• [Directions for this task] In the material below, find the line with "Line((24, -17.1), (26.5, -15))" and the line with "Line((-11.25, 25.6), (-11.25, 26.1))", then output those two lines and every line between them, exactly.

........

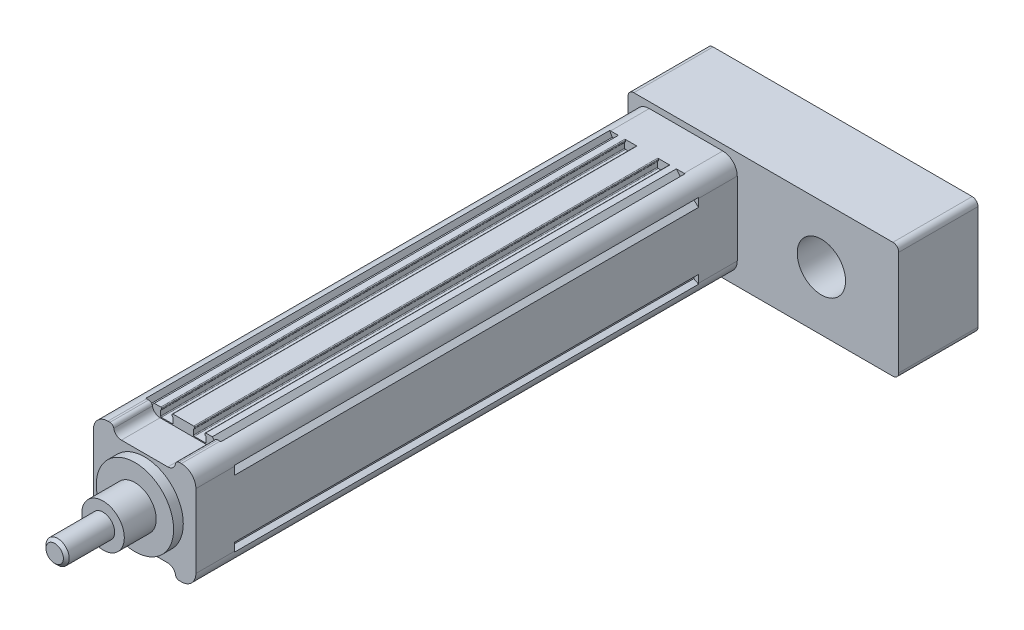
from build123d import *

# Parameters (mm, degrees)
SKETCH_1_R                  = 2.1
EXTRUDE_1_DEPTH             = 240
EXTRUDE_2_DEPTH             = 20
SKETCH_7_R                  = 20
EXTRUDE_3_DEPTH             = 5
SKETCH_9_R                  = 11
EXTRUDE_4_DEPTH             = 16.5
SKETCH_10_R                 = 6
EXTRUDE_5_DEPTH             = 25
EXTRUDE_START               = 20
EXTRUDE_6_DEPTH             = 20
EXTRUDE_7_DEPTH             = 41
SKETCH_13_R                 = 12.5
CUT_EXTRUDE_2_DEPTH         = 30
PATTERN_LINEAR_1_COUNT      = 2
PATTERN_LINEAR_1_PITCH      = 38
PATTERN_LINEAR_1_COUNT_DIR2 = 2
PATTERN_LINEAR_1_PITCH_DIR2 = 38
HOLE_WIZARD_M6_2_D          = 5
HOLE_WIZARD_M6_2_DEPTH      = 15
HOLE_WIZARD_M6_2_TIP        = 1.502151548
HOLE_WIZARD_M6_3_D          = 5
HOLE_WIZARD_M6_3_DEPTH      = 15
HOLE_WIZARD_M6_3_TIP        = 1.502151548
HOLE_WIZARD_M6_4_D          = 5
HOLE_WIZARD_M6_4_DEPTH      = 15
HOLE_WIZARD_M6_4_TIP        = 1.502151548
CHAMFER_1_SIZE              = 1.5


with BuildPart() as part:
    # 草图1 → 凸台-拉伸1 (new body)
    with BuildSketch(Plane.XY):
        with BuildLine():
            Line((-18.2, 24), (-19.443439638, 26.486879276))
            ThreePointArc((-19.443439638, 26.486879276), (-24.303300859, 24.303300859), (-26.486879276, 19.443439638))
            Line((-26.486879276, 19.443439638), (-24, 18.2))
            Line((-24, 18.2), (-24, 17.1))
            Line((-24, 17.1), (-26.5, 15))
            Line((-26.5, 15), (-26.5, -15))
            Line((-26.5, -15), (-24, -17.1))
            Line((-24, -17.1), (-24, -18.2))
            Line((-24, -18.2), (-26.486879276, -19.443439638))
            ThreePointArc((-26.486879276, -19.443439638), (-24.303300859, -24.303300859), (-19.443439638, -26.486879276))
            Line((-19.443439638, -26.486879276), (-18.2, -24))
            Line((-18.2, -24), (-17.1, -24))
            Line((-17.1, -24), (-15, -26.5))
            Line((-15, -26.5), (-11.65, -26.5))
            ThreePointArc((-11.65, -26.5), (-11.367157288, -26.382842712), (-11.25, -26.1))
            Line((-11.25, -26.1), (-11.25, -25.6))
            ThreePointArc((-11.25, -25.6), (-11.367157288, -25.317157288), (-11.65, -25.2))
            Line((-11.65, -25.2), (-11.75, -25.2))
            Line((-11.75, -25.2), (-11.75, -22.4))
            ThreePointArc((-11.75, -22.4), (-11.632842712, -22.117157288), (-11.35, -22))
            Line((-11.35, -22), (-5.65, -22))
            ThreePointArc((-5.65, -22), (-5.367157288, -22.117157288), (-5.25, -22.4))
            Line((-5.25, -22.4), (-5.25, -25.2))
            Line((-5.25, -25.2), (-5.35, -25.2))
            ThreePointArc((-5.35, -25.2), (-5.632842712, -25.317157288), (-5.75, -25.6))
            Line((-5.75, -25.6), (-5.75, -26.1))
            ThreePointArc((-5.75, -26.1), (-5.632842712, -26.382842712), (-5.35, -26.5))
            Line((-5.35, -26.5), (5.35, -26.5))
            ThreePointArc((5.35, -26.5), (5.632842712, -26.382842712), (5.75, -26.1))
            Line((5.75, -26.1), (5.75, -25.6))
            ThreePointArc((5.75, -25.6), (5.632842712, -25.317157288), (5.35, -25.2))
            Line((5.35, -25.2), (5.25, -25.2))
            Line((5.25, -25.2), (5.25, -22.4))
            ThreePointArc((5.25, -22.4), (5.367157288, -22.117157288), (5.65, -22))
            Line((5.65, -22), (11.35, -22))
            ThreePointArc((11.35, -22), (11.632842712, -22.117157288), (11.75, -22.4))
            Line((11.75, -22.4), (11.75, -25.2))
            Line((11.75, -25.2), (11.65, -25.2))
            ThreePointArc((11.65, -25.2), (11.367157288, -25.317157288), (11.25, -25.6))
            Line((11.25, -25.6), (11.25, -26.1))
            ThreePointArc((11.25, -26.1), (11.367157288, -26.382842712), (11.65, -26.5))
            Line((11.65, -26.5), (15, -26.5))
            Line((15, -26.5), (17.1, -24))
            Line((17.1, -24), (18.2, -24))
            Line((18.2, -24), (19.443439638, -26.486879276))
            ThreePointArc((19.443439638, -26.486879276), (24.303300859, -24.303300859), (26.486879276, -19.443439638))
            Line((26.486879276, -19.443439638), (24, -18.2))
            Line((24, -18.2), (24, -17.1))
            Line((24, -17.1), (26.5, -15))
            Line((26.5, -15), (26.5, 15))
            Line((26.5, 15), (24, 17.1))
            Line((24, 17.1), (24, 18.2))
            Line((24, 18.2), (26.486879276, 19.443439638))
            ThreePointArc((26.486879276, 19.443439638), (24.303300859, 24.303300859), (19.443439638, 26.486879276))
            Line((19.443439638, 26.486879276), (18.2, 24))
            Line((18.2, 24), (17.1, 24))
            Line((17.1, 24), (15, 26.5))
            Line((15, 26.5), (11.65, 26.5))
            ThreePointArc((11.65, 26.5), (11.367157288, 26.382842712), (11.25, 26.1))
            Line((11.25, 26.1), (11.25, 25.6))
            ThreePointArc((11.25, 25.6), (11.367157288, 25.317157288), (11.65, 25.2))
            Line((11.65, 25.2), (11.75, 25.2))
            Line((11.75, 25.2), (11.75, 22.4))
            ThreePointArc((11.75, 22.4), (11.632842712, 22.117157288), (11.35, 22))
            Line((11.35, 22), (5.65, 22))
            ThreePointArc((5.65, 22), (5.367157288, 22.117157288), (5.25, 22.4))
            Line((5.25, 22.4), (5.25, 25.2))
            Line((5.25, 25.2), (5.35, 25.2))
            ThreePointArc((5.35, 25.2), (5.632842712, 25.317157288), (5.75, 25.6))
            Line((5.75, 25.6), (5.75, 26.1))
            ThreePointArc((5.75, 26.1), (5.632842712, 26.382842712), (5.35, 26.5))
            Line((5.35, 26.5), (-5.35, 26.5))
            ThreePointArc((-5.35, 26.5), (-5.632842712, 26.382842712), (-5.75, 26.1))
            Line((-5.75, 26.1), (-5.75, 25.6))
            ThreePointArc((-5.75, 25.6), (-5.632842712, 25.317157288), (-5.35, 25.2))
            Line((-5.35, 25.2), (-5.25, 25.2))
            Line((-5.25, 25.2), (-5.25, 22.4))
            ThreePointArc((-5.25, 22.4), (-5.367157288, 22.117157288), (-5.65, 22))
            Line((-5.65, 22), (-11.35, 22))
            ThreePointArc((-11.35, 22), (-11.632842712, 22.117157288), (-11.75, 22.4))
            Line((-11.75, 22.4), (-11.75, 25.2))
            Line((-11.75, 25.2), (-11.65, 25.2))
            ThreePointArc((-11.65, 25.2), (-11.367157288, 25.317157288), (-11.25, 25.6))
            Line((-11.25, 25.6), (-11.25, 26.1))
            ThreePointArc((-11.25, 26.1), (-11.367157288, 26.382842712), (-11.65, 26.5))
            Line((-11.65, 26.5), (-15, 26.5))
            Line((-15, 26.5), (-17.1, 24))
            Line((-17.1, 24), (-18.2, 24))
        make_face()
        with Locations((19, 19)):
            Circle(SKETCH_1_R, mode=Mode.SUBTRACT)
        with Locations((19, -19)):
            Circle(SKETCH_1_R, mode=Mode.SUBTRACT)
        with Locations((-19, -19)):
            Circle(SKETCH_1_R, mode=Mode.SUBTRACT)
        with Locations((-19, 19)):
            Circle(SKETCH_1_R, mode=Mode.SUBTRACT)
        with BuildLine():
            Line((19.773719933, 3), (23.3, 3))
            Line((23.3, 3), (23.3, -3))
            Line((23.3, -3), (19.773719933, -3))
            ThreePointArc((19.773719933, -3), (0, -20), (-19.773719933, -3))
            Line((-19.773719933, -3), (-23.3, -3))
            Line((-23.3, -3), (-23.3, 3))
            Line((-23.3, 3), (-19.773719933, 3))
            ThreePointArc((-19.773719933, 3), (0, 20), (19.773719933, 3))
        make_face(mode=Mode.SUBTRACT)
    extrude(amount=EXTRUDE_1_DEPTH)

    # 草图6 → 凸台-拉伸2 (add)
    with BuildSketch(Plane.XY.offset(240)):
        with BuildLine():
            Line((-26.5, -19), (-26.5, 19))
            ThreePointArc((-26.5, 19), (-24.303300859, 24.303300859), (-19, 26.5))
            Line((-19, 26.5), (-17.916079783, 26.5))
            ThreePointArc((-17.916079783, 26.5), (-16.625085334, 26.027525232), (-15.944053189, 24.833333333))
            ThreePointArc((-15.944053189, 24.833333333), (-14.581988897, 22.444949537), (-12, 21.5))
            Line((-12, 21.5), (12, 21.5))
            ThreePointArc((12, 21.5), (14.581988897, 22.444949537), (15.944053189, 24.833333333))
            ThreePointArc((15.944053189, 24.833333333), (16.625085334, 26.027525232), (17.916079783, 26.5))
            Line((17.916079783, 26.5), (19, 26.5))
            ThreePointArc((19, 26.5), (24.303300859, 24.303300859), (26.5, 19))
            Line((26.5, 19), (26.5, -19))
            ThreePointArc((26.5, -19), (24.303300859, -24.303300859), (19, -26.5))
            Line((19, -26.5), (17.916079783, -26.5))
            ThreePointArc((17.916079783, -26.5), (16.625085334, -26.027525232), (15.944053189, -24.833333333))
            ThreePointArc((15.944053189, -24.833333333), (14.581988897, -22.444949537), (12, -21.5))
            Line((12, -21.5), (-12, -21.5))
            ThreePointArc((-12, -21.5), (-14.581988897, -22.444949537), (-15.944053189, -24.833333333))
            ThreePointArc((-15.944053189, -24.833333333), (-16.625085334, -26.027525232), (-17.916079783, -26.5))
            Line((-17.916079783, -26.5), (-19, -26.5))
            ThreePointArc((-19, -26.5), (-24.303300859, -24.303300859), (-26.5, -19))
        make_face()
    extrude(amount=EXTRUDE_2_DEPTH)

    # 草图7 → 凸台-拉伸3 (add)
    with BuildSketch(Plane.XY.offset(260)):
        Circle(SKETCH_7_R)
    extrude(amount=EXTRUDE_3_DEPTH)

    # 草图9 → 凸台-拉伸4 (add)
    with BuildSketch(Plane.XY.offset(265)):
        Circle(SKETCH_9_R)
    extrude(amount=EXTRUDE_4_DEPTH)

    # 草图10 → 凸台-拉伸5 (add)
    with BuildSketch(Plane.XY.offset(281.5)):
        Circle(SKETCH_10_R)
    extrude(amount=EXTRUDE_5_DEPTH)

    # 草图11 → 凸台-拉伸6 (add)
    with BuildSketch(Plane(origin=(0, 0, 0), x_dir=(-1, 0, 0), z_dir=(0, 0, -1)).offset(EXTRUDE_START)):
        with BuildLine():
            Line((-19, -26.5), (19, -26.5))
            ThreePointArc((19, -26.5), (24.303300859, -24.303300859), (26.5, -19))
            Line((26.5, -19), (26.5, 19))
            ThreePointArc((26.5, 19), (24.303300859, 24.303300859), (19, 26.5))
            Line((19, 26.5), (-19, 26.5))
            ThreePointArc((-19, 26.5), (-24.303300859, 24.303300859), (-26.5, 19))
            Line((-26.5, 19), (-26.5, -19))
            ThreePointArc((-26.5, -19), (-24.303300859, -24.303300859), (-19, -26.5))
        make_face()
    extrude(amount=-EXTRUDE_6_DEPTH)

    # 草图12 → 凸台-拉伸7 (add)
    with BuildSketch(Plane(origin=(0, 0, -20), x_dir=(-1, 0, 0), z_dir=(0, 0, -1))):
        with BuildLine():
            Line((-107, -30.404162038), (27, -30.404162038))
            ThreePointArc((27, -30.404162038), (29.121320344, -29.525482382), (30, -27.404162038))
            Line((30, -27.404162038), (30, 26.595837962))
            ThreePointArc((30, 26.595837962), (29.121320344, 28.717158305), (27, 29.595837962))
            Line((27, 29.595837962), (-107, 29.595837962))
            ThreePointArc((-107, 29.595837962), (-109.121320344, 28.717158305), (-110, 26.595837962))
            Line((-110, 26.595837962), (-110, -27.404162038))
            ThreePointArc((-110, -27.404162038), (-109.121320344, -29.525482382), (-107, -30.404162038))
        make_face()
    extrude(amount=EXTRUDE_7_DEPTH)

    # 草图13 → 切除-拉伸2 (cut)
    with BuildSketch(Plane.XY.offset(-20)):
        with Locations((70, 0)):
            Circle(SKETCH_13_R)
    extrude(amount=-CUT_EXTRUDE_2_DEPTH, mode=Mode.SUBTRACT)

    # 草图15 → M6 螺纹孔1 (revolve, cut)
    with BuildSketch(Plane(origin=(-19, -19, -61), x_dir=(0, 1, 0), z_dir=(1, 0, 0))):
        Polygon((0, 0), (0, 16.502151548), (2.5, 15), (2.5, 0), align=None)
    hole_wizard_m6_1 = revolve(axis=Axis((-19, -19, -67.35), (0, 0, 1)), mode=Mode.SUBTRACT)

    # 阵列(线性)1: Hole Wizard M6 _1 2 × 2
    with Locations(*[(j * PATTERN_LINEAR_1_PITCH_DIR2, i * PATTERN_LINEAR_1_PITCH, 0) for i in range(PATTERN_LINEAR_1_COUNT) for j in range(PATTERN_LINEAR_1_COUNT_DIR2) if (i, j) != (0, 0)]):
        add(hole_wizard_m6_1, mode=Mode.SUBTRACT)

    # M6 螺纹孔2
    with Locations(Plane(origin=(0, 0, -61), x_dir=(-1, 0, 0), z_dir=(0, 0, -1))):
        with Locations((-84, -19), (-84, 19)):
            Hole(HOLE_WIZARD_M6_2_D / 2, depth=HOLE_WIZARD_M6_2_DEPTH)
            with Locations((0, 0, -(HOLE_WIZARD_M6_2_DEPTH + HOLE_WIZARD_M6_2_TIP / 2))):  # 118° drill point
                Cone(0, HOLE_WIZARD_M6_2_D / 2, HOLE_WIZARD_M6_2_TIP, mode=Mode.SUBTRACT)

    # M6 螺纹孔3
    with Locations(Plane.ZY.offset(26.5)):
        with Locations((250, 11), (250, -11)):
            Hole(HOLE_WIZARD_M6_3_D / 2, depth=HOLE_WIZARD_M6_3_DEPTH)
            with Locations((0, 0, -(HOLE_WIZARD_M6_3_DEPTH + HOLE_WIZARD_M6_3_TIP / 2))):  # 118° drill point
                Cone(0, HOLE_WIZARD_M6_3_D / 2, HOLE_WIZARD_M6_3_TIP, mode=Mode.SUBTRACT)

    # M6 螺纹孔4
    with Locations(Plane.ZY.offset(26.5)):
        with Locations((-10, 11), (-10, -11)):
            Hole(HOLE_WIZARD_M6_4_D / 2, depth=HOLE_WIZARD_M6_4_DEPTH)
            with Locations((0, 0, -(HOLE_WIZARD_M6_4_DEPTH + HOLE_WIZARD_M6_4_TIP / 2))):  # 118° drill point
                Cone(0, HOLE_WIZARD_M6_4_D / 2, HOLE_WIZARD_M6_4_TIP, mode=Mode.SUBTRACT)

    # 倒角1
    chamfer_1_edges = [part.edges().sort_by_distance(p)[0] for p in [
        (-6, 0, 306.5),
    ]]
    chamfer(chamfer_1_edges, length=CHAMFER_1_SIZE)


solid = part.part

........

• [Response below]
            Line((24, -17.1), (26.5, -15))
            Line((26.5, -15), (26.5, 15))
            Line((26.5, 15), (24, 17.1))
            Line((24, 17.1), (24, 18.2))
            Line((24, 18.2), (26.486879276, 19.443439638))
            ThreePointArc((26.486879276, 19.443439638), (24.303300859, 24.303300859), (19.443439638, 26.486879276))
            Line((19.443439638, 26.486879276), (18.2, 24))
            Line((18.2, 24), (17.1, 24))
            Line((17.1, 24), (15, 26.5))
            Line((15, 26.5), (11.65, 26.5))
            ThreePointArc((11.65, 26.5), (11.367157288, 26.382842712), (11.25, 26.1))
            Line((11.25, 26.1), (11.25, 25.6))
            ThreePointArc((11.25, 25.6), (11.367157288, 25.317157288), (11.65, 25.2))
            Line((11.65, 25.2), (11.75, 25.2))
            Line((11.75, 25.2), (11.75, 22.4))
            ThreePointArc((11.75, 22.4), (11.632842712, 22.117157288), (11.35, 22))
            Line((11.35, 22), (5.65, 22))
            ThreePointArc((5.65, 22), (5.367157288, 22.117157288), (5.25, 22.4))
            Line((5.25, 22.4), (5.25, 25.2))
            Line((5.25, 25.2), (5.35, 25.2))
            ThreePointArc((5.35, 25.2), (5.632842712, 25.317157288), (5.75, 25.6))
            Line((5.75, 25.6), (5.75, 26.1))
            ThreePointArc((5.75, 26.1), (5.632842712, 26.382842712), (5.35, 26.5))
            Line((5.35, 26.5), (-5.35, 26.5))
            ThreePointArc((-5.35, 26.5), (-5.632842712, 26.382842712), (-5.75, 26.1))
            Line((-5.75, 26.1), (-5.75, 25.6))
            ThreePointArc((-5.75, 25.6), (-5.632842712, 25.317157288), (-5.35, 25.2))
            Line((-5.35, 25.2), (-5.25, 25.2))
            Line((-5.25, 25.2), (-5.25, 22.4))
            ThreePointArc((-5.25, 22.4), (-5.367157288, 22.117157288), (-5.65, 22))
            Line((-5.65, 22), (-11.35, 22))
            ThreePointArc((-11.35, 22), (-11.632842712, 22.117157288), (-11.75, 22.4))
            Line((-11.75, 22.4), (-11.75, 25.2))
            Line((-11.75, 25.2), (-11.65, 25.2))
            ThreePointArc((-11.65, 25.2), (-11.367157288, 25.317157288), (-11.25, 25.6))
            Line((-11.25, 25.6), (-11.25, 26.1))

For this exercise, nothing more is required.